* _What the task requires_
Pull every line holding the word "Commented" out of the data and copy it.

# # # # # # #

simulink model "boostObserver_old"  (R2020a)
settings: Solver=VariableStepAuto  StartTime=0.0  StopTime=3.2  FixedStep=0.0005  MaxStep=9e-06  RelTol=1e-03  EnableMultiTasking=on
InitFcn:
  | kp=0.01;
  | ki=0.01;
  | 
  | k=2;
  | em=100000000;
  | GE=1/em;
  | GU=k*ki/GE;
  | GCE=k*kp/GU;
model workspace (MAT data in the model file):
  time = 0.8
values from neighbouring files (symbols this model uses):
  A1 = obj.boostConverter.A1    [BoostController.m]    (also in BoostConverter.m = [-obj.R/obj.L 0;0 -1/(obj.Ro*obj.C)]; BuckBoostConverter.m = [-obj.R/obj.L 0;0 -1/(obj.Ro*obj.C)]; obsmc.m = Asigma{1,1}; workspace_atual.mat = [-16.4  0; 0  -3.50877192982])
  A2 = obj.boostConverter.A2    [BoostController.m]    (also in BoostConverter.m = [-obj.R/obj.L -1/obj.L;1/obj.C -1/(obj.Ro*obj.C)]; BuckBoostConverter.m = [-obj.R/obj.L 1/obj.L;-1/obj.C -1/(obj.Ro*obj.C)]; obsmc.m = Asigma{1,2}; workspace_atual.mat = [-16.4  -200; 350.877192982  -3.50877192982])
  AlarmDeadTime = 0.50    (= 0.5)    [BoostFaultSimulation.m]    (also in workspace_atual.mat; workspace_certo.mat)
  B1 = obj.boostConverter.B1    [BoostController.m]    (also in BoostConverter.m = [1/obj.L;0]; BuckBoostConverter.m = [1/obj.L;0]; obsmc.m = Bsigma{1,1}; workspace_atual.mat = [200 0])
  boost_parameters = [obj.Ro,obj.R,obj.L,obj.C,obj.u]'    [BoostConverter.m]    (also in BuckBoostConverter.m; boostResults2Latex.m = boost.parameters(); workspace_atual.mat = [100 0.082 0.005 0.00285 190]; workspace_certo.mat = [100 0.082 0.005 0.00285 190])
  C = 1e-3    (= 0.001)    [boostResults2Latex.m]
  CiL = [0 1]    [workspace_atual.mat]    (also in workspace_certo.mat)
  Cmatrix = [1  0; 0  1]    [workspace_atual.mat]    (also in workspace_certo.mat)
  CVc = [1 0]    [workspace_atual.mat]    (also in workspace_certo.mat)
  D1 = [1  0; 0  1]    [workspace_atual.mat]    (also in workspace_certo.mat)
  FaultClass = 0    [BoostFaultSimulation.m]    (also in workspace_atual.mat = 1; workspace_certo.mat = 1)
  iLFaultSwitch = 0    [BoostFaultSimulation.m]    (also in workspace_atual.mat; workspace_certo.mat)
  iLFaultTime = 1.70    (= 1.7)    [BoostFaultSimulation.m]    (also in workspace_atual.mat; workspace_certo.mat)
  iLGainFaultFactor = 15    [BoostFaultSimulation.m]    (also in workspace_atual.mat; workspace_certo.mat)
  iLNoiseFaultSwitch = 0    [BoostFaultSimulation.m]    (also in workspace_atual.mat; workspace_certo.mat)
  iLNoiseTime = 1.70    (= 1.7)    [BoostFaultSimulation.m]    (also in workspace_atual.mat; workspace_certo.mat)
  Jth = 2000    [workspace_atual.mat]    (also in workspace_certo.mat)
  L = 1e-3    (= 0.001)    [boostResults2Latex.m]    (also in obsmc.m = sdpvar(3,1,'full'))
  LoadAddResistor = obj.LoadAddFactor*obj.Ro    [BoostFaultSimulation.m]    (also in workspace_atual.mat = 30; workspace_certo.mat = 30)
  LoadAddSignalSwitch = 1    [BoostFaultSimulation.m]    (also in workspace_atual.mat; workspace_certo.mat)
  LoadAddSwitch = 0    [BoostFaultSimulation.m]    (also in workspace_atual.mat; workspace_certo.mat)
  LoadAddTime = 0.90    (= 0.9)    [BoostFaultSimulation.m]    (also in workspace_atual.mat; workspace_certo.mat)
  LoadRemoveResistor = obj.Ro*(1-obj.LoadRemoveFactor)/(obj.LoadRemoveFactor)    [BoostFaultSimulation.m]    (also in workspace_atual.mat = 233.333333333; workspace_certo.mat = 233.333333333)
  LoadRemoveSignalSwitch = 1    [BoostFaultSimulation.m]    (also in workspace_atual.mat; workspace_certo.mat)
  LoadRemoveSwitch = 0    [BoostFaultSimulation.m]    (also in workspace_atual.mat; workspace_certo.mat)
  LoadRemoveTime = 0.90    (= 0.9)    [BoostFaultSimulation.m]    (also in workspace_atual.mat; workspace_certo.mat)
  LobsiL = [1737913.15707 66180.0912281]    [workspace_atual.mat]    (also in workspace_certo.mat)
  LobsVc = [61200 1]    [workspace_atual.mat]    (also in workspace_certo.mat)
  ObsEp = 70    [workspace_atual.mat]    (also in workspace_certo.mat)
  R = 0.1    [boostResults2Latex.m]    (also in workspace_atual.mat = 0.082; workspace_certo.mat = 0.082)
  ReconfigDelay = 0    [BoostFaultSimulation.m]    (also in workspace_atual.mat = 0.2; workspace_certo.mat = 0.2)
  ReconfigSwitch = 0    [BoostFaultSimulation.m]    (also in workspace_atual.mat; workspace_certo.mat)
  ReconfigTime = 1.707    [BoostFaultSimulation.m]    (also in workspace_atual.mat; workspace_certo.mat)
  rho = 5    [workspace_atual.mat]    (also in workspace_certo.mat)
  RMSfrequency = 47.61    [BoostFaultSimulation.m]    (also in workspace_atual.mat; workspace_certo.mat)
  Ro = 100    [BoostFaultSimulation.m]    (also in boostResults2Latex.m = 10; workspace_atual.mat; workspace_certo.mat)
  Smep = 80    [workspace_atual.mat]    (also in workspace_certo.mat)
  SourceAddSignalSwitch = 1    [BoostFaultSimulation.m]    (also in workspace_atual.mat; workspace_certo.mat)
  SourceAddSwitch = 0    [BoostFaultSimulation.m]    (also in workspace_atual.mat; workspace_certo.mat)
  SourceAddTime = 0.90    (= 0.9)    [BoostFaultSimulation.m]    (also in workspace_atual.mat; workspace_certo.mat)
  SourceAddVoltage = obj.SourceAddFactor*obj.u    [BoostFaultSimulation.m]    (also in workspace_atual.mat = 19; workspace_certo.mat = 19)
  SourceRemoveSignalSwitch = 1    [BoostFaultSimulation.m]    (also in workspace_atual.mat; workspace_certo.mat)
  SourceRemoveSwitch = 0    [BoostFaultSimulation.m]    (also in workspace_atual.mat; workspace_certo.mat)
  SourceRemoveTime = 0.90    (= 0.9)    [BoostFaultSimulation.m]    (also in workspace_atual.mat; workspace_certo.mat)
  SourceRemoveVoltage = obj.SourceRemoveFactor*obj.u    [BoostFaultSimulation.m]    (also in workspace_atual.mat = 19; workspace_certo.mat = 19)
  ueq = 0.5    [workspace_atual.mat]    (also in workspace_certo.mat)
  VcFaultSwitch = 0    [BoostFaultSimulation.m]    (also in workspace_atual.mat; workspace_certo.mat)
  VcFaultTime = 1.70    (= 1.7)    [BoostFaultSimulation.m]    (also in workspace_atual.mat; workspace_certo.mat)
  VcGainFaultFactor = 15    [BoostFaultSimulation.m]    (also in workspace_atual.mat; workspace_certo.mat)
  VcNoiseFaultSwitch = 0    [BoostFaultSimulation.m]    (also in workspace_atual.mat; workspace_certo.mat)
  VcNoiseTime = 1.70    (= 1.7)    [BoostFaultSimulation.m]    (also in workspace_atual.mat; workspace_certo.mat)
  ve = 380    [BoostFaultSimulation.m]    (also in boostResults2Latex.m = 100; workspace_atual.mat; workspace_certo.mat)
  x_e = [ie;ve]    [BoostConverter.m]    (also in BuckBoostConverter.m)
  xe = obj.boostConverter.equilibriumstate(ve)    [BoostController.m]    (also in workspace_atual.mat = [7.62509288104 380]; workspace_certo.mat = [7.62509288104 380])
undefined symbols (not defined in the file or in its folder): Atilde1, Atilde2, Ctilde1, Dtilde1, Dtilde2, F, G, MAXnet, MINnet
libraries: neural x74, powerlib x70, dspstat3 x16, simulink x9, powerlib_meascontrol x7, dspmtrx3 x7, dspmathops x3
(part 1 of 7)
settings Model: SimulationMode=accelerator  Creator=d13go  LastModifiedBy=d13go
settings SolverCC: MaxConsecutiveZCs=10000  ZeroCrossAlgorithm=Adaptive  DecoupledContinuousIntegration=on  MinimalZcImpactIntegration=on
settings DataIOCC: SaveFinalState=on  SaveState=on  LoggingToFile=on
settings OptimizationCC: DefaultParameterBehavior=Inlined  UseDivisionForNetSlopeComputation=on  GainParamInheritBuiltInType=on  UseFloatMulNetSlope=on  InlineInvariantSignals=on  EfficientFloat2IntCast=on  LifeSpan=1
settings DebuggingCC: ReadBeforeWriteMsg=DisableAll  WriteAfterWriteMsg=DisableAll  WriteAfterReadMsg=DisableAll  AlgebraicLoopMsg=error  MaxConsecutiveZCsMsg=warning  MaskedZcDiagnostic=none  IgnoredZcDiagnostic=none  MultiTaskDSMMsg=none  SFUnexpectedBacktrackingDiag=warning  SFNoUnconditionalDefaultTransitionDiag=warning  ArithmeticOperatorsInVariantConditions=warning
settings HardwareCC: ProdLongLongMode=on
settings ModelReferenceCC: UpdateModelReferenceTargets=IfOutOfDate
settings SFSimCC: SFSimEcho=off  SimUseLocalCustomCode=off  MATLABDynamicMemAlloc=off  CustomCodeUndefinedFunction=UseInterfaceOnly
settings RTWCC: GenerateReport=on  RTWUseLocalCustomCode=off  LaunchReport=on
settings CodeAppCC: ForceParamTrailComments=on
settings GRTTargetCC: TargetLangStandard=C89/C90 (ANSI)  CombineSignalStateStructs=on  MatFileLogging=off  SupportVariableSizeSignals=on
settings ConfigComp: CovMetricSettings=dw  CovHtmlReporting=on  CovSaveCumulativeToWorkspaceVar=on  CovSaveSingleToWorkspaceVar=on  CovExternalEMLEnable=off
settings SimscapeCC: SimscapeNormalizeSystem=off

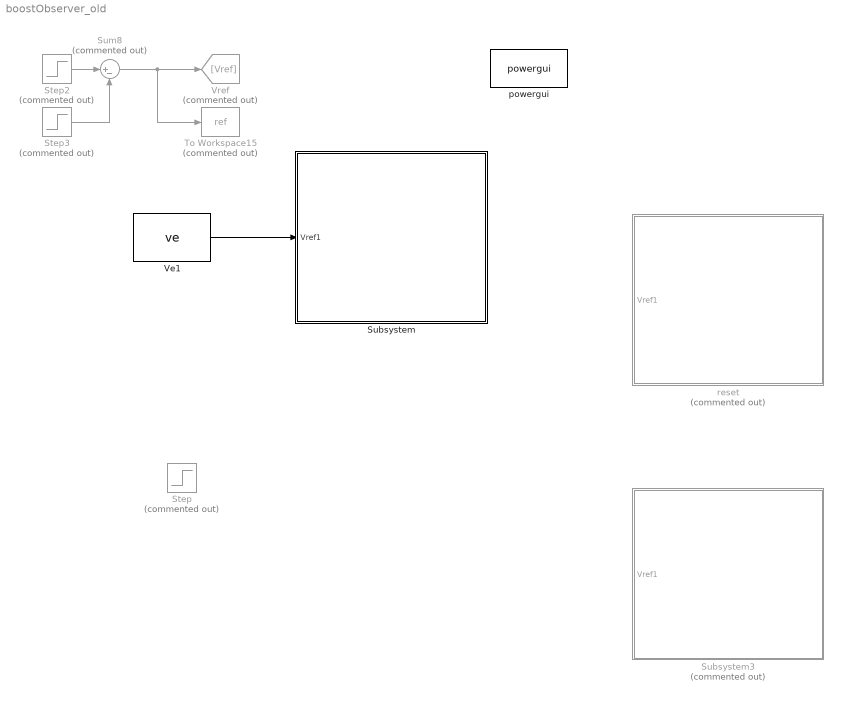
== system boostObserver_old ==
  Step : Step  Commented=on  Time=0.60  Before=380  After=300  SampleTime=0
  Step2 : Step  Commented=on  Time=0  After=100  SampleTime=0
  Step3 : Step  Commented=on  Time=0.4  After=20  SampleTime=0
  Subsystem : Subsystem
  Subsystem3 : Subsystem  Commented=on
  Sum8 : Sum  Commented=on  Inputs=|+-
  To Workspace15 : ToWorkspace  Commented=on  VariableName=ref  SampleTime=-1
  Ve1 : Constant  Value=ve
  Vref : Goto  Commented=on  GotoTag=Vref
  powergui : powerlib/powergui  Priority=1  SimulationMode=Discrete  SampleTime=50e-6  frequency=60  Iterations=50  frequencyindice=0  Pbase=100e6  ErrMax=1e-4  UnitsV=kV  UnitsW=MW  buscounter=0  FunctionMessages=off  echomessages=off  EnableUseOfTLC=off  CurrentSourceSwitches=off  DisableSnubberDevices=off  DisableRonSwitches=off  DisableVfSwitches=off  DisplayEquations=off  AutomaticDiscreteSolvers=off  SolverType=Tustin/Backward Euler (TBE)  Interpol=off  ExternalGateDelay=off  methode=off  Ts=100  x0status=blocks  SPID=on  SwTol=0  HookPort=off  NonlinearTolerance=1e-4  nMaxIteration=100  ContinueOnMaxIteration=off  RestoreLinks=warning  ResistiveCurrentMeasurement=off  Frange=[0:2:500]  Ylog=off  Xlog=on  ShowGrid=off  save=off  variable=ZData  structure=0  ZoomFFT=off  StartTime=0.0  cycles=1  DisplayStyle=1  fundamental=60  FreqAxis=off  MaxFrequency=1000  frequencyindicesteady=1  RmsSteady=1  display=off
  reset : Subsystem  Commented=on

# # # # # # #

* _Solved problem_
  Step : Step  Commented=on  Time=0.60  Before=380  After=300  SampleTime=0
  Step2 : Step  Commented=on  Time=0  After=100  SampleTime=0
  Step3 : Step  Commented=on  Time=0.4  After=20  SampleTime=0
  Subsystem3 : Subsystem  Commented=on
  Sum8 : Sum  Commented=on  Inputs=|+-
  To Workspace15 : ToWorkspace  Commented=on  VariableName=ref  SampleTime=-1
  Vref : Goto  Commented=on  GotoTag=Vref
  reset : Subsystem  Commented=on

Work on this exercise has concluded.